There's only one required step to get started and that is to *create a module*.

### Creating a module

[](#creating-a-module)

Say you want to create a module to group all your *user* related classes and files, run:

```
php artisan modules:create User

```

and the package will:

- scaffold your user module directories under your primary configured module directory;
- generate a correctly named (optional) service provider to fully enable the power of this package;
- and write its autoload information to your composer.json file.

Of course you can also do all of this manually. Create a `User` and `User/src` directory in any of your module directories and run `php artisan modules:refresh` afterwards to add it to your composer.json file (or do so manually too).

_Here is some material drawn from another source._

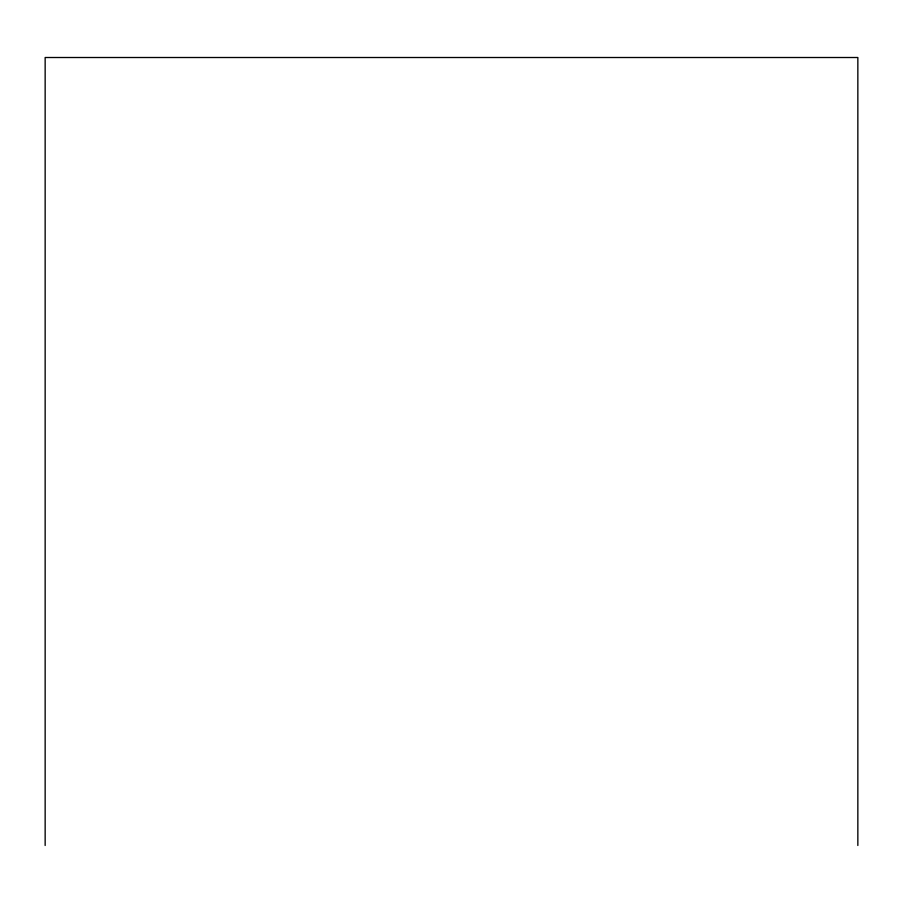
<?xml version="1.0" encoding="UTF-8"?>
<svg xmlns="http://www.w3.org/2000/svg" width="903" height="903" viewBox="0 0 903 903"><rect width="100%" height="100%" fill="white"/><g stroke="black" fill="none" stroke-linecap="round" stroke-linejoin="round"><path stroke-width="1.35" d="M857.85 845.49L857.85 57.51L45.15 57.51L45.15 845.49"/></g></svg>

### Caching in production environments

[](#caching-in-production-environments)

*Optional*

To reduce the amount of files being read during application boot, you can opt to **cache a list of your module service providers** to improve load time. In addition to Composer providing a cached list of all your module classes, the package reads just the one cache file on boot and registers those instead of scanning all your module directories and loading them on-the-fly. Especially useful in production environments and advised to run during project deployment.

To cache all providers, run:

```
php artisan modules:cache

```

To clear the cache file, execute:

```
php artisan modules:clear

```

Going into detail
-----------------

[](#going-into-detail)

### Scanning and registering modules

[](#scanning-and-registering-modules)

When you've manually created a new module, made some changes, added directories that need autoloading, and so on, you should refresh your modules:

```
php artisan modules:refresh

```

This will scan all your module directories for changes, write your modules' autoload configuration to composer.json (both classmap, PSR-4, and PSR-4 dev sections when applicable), and automatically update the Composer autoloader.

Your existing Composer configuration is not altered and no autoload entries are altered, unless:

- the module is missing;
- there are duplicate modules (by which one entry will be kept).

If you wish to keep all autoload entries for **modules that do not exist**, you can use the `--keep` option:

```
php artisan modules:refresh --keep

```

### Using a module service provider

[](#using-a-module-service-provider)

*Optional*

A module should contain a service provider if you want your module to support:

- individual configuration;
- publishable configuration;
- migrations;
- seeders;
- Eloquent factories;
- (PHP array or JSON) translations;
- views;
- Eloquent polymorphic mapping support;
- automatic event listener or subscriber registration;
- and automatic [router mapping](https://github.com/sebastiaanluca/laravel-router).

When you create a module, a service provider is generated for you. If you want to create a provider yourself and have it automatically be registered on framework boot, create a class extending the correct base provider in your module's `src/Providers` directory.

Pay extra attention to the *studly cased* naming of your provider, as it's only registered on boot if the class name starts with your module name.